New breed of African leader
| CAMBRIDGE, MASS.
The failed and failing states of sub-Saharan Africa - including Sierra Leone, Liberia, and Zimbabwe - attract the most attention. But a quiet renaissance of positive leadership is taking hold in the region, including the Islamic northeast.
The dominant personalities in such battered places as Somalia and Somaliland are firmly on the side of the United States, and ready to be helped in rebuilding their states. No state in Africa now seeks to harbor terrorists; better rewards are to be found in alliance with the developed world.
In Botswana, Ghana, Senegal, South Africa, and Tanzania, basic human rights are being respected, and there's a promise of better times. After a year of principled leadership, Ghana is in the vanguard of change. If Ghana's gains can be sustained, West Africa will have another model to help transform a neighborhood characterized by fractiousness and meltdown.
Nigeria is a problem case. As Africa's most populous and historically most poorly governed place, its turn to democracy in 1999 seemed dramatic. But President Olusegun Obasanjo has been unable to lead the nation in a wholly positive direction. Too many of Nigeria's Muslim-dominated states have thumbed their noses at the central government. So democratic rule is a phenomenon of the center only, not of the states.
When the ingredients of visionary leadership are lacking, the stew of governance tastes sour. When they are richly available, everyone prospers and AIDS and other scourges seem survivable. The US and UN need to craft new policies to support and encourage responsible leadership skills among elected officials across sub-Saharan Africa.
In South Africa, Nelson Mandela demonstrated leadership without bullying. As president, he was an inclusionist who convinced black South Africans from all backgrounds, as well as coloreds, Indians, and whites, that he was everyone's champion and that he sought a peace dividend for them, not for himself.
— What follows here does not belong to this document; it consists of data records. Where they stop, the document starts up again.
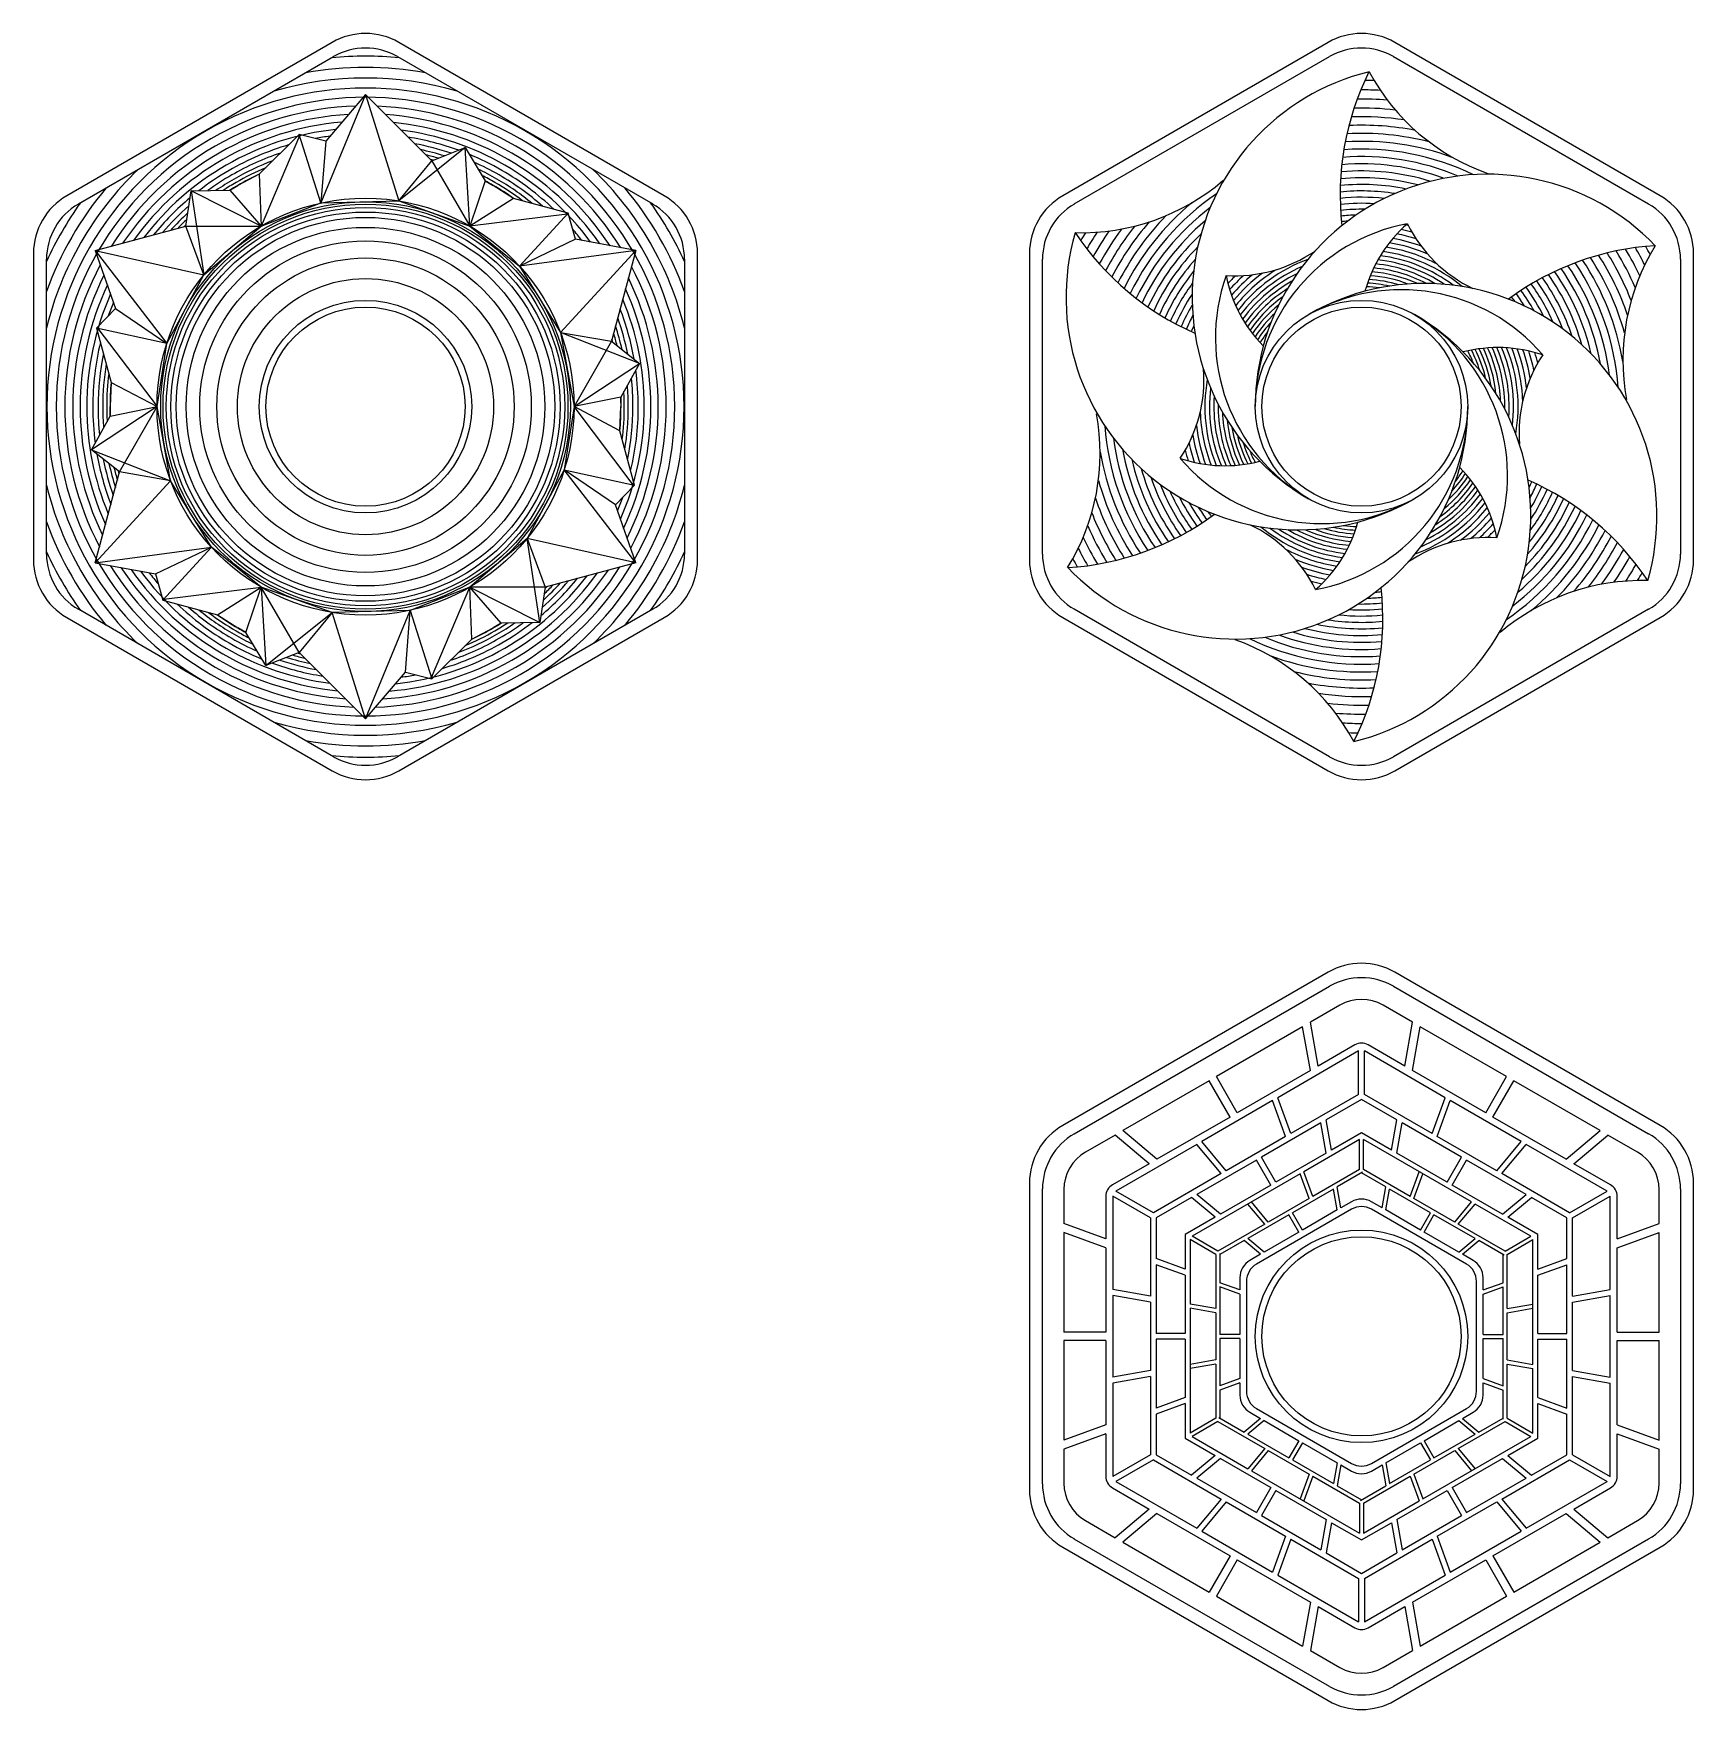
# Model space of a CAD drawing. Header units: millimetres. Extents: x -250 to 625, y -316 to 755.
# Drawn here: x -250 to 0, y -196.2 to 56.2 of the extents above; entities that cross this region are included whole.
import ezdxf

# ---------------------------------------------------------------- set-up
doc = ezdxf.new("R2010")
doc.units = ezdxf.units.MM
doc.layers.get('0').update_dxf_attribs({"lineweight": 25, "true_color": 0xffffff})
doc.layers.add('cut', color=1, linetype='Continuous', lineweight=25, true_color=0xff0000)

msp = doc.modelspace()

# ---------------------------------------------------------------- linework, layer by layer
for p, q in [((-205, 54.85), (-245, 31.75)), ((-155, 31.75), (-195, 54.85)), ((-55, 54.85), (-95, 31.75)), ((-5, 31.75), (-45, 54.85)), ((-250, 23.09), (-250, -23.09)), ((-150, -23.09), (-150, 23.09)), ((-100, 23.09), (-100, -23.09)), ((0, -23.09), (0, 23.09)), ((-245, -31.75), (-205, -54.85)), ((-195, -54.85), (-155, -31.75)), ((-95, -31.75), (-55, -54.85)), ((-45, -54.85), (-5, -31.75)), ((-55, -85.15), (-95, -108.25)), ((-5, -108.25), (-45, -85.15)), ((-100, -116.91), (-100, -163.09)), ((0, -163.09), (0, -116.91)), ((-95, -171.75), (-55, -194.85)), ((-45, -194.85), (-5, -171.75))]:
    msp.add_line(p, q)
for centre in [(-200, 0), (-50, 0), (-50, -140)]:
    msp.add_circle(centre, 15)
for centre, start, end in [((-200, 46.19), 60, 120), ((-50, 46.19), 60, 120), ((-240, 23.09), 120, 180), ((-160, 23.09), 360, 60), ((-90, 23.09), 120, 180), ((-10, 23.09), 360, 60), ((-240, -23.09), 180, 240), ((-160, -23.09), 300, 360), ((-90, -23.09), 180, 240), ((-10, -23.09), 300, 360), ((-200, -46.19), 240, 300), ((-50, -46.19), 240, 300), ((-50, -93.81), 60, 120), ((-90, -116.91), 120, 180), ((-10, -116.91), 360, 60), ((-90, -163.09), 180, 240), ((-10, -163.09), 300, 360), ((-50, -186.19), 240, 300)]:
    msp.add_arc(centre, 10, start, end)
at = {"layer": 'cut'}
for p, q in [((-243.25, 30.52), (-204.81, 52.71)), ((-195.19, 52.71), (-156.75, 30.52)), ((-93.25, 30.52), (-54.81, 52.71)), ((-45.19, 52.71), (-6.75, 30.52)), ((-200, 47), (-206.71, 30.68)), ((-200, 47), (-206, 40)), ((-200, 47), (-190, 37)), ((-200, 47), (-195, 31)), ((-210, 41), (-216, 35)), ((-209.93, 40.79), (-215.7, 27.19)), ((-206, 40), (-210, 41)), ((-206.71, 30.68), (-210, 41)), ((-206, 40), (-206.71, 30.68)), ((-185, 39), (-195, 31)), ((-190, 37), (-185, 39)), ((-185, 39), (-182, 34)), ((-184.3, 27.19), (-185, 39)), ((-195, 31), (-190, 37)), ((-190, 37), (-184.3, 27.19)), ((-220.44, 32.59), (-219.22, 33.29)), ((-216, 35), (-219.22, 33.29)), ((-216, 35), (-215.7, 27.19)), ((-182, 34), (-184.3, 27.19)), ((-182, 34), (-180.78, 33.29)), ((-177.69, 31.36), (-180.78, 33.29)), ((-227.04, 27.16), (-226.27, 32.49)), ((-226.27, 32.49), (-220.44, 32.59)), ((-226.27, 32.49), (-224.35, 19.83)), ((-215.7, 27.19), (-226.27, 32.49)), ((-220.44, 32.59), (-215.7, 27.19)), ((-215.7, 27.19), (-206.71, 30.68)), ((-206.71, 30.68), (-195, 31)), ((-195, 31), (-184.3, 27.19)), ((-177.69, 31.36), (-184.3, 27.19)), ((-169.49, 29.16), (-177.69, 31.36)), ((-169.64, 29), (-184.3, 27.19)), ((-176.79, 21.15), (-169.49, 29.16)), ((-168.36, 25.2), (-169.49, 29.16)), ((-240.7, 23.5), (-227.04, 27.16)), ((-227.04, 27.16), (-215.7, 27.19)), ((-224.35, 19.83), (-227.04, 27.16)), ((-224.35, 19.83), (-215.7, 27.19)), ((-184.3, 27.19), (-176.79, 21.15)), ((-240.7, 23.5), (-237.64, 14.8)), ((-240.7, 23.5), (-224.35, 19.83)), ((-240.7, 23.5), (-229.92, 9.53)), ((-168.36, 25.2), (-176.79, 21.15)), ((-159.3, 23.5), (-176.79, 21.15)), ((-159.3, 23.5), (-170.65, 11.17)), ((-159.3, 23.5), (-168.36, 25.2)), ((-159.3, 23.5), (-162.96, 9.84)), ((-248.05, -22.19), (-248.05, 22.19)), ((-176.79, 21.15), (-170.65, 11.17)), ((-151.95, 22.19), (-151.95, -22.19)), ((-98.05, -22.19), (-98.05, 22.19)), ((-1.95, 22.19), (-1.95, -22.19)), ((-229.92, 9.53), (-224.35, 19.83)), ((-237.64, 14.8), (-240.51, 11.84)), ((-237.64, 14.8), (-229.92, 9.53)), ((-240.51, 11.84), (-238.31, 3.64)), ((-229.92, 9.53), (-240.51, 11.84)), ((-240.29, 11.79), (-231.4, 0)), ((-170.65, 11.17), (-162.96, 9.84)), ((-158.73, 6.51), (-170.65, 11.17)), ((-170.65, 11.17), (-168.6, 0)), ((-231.4, 0), (-229.92, 9.53)), ((-162.96, 9.84), (-168.6, 0)), ((-162.96, 9.84), (-158.73, 6.51)), ((-168.6, 0), (-158.73, 6.51)), ((-158.73, 6.51), (-161.56, 1.41)), ((-238.31, 3.64), (-238.44, 0)), ((-238.31, 3.64), (-231.4, 0)), ((-231.4, 0), (-241.27, -6.51)), ((-238.44, -1.41), (-238.44, 0)), ((-238.44, -1.41), (-231.4, 0)), ((-237.04, -9.84), (-231.4, 0)), ((-229.35, -11.17), (-231.4, 0)), ((-161.56, 1.41), (-168.6, 0)), ((-161.56, 1.41), (-161.56, 0)), ((-241.27, -6.51), (-238.44, -1.41)), ((-168.6, 0), (-170.08, -9.53)), ((-161.69, -3.64), (-168.6, 0)), ((-159.71, -11.79), (-168.6, 0)), ((-161.69, -3.64), (-161.56, 0)), ((-159.49, -11.84), (-161.69, -3.64)), ((-237.04, -9.84), (-241.27, -6.51)), ((-241.27, -6.51), (-229.35, -11.17)), ((-240.7, -23.5), (-237.04, -9.84)), ((-229.35, -11.17), (-237.04, -9.84)), ((-170.08, -9.53), (-175.65, -19.83)), ((-159.3, -23.5), (-170.08, -9.53)), ((-170.08, -9.53), (-159.49, -11.84)), ((-162.36, -14.8), (-170.08, -9.53)), ((-240.7, -23.5), (-229.35, -11.17)), ((-223.21, -21.15), (-229.35, -11.17)), ((-162.36, -14.8), (-159.49, -11.84)), ((-159.3, -23.5), (-162.36, -14.8)), ((-175.65, -19.83), (-184.3, -27.19)), ((-159.3, -23.5), (-175.65, -19.83)), ((-175.65, -19.83), (-172.96, -27.16)), ((-173.73, -32.49), (-175.65, -19.83)), ((-240.7, -23.5), (-223.21, -21.15)), ((-231.64, -25.2), (-223.21, -21.15)), ((-223.21, -21.15), (-230.51, -29.16)), ((-215.7, -27.19), (-223.21, -21.15)), ((-240.7, -23.5), (-231.64, -25.2)), ((-231.64, -25.2), (-230.51, -29.16)), ((-159.3, -23.5), (-172.96, -27.16)), ((-230.36, -29), (-215.7, -27.19)), ((-222.31, -31.36), (-215.7, -27.19)), ((-218, -34), (-215.7, -27.19)), ((-210, -37), (-215.7, -27.19)), ((-205, -31), (-215.7, -27.19)), ((-215.7, -27.19), (-215, -39)), ((-184.3, -27.19), (-193.29, -30.68)), ((-190.07, -40.79), (-184.3, -27.19)), ((-172.96, -27.16), (-184.3, -27.19)), ((-184.3, -27.19), (-173.73, -32.49)), ((-184, -35), (-184.3, -27.19)), ((-179.56, -32.59), (-184.3, -27.19)), ((-172.96, -27.16), (-173.73, -32.49)), ((-230.51, -29.16), (-222.31, -31.36)), ((-204.81, -52.71), (-243.25, -30.52)), ((-222.31, -31.36), (-219.22, -33.29)), ((-215, -39), (-205, -31)), ((-205, -31), (-210, -37)), ((-193.29, -30.68), (-205, -31)), ((-200, -47), (-205, -31)), ((-200, -47), (-193.29, -30.68)), ((-156.75, -30.52), (-195.19, -52.71)), ((-194, -40), (-193.29, -30.68)), ((-193.29, -30.68), (-190, -41)), ((-179.56, -32.59), (-180.78, -33.29)), ((-173.73, -32.49), (-179.56, -32.59)), ((-54.81, -52.71), (-93.25, -30.52)), ((-6.75, -30.52), (-45.19, -52.71)), ((-218, -34), (-219.22, -33.29)), ((-215, -39), (-218, -34)), ((-190, -41), (-184, -35)), ((-184, -35), (-180.78, -33.29)), ((-210, -37), (-215, -39)), ((-200, -47), (-210, -37)), ((-200, -47), (-194, -40)), ((-194, -40), (-190, -41)), ((-93.25, -109.48), (-54.81, -87.29)), ((-45.19, -87.29), (-6.75, -109.48)), ((-53.25, -90.13), (-57.7, -92.7)), ((-42.3, -92.7), (-46.75, -90.13)), ((-58.86, -93.37), (-71.86, -100.87)), ((-57.7, -99.98), (-58.86, -93.37)), ((-56.53, -99.31), (-57.7, -92.7)), ((-43.47, -99.31), (-42.3, -92.7)), ((-42.3, -99.98), (-41.14, -93.37)), ((-28.14, -100.87), (-41.14, -93.37)), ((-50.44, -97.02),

Neighboring Botswana, thinly populated and mostly desert, has been an oasis of steady, open rule for more than 35 years. Even before it became the world's greatest producer of gem diamonds, Botswana was well-run. It endured insults and occasional blows from apartheid South Africa, ignored the collectivist and authoritarian fancies of nearby Zambia and Tanzania, and concentrated its energies not on personal enrichment but on encouraging middle-class empowerment amid old-fashioned liberal values.
Festus Mogae, Botswana's president, had excellent role models. His predecessors were participatory, sensible, and focused on what was good for their peoples, not for themselves and their families. Sir Seretse Khama, Botswana's first president, had the charisma and stature to have gone either way. His presidencies (from 1966 to 1980) coincided with the heyday of African single-party rule, state interventionism, Afro-socialism, and nonalignment masquerading for self-aggrandizement. He could have followed the examples of Kwame Nkrumah of Ghana, Julius Nyerere of Tanzania, and Kenneth Kaunda of Zambia - all well-intentioned leaders who confused personal preference with platonic wisdom.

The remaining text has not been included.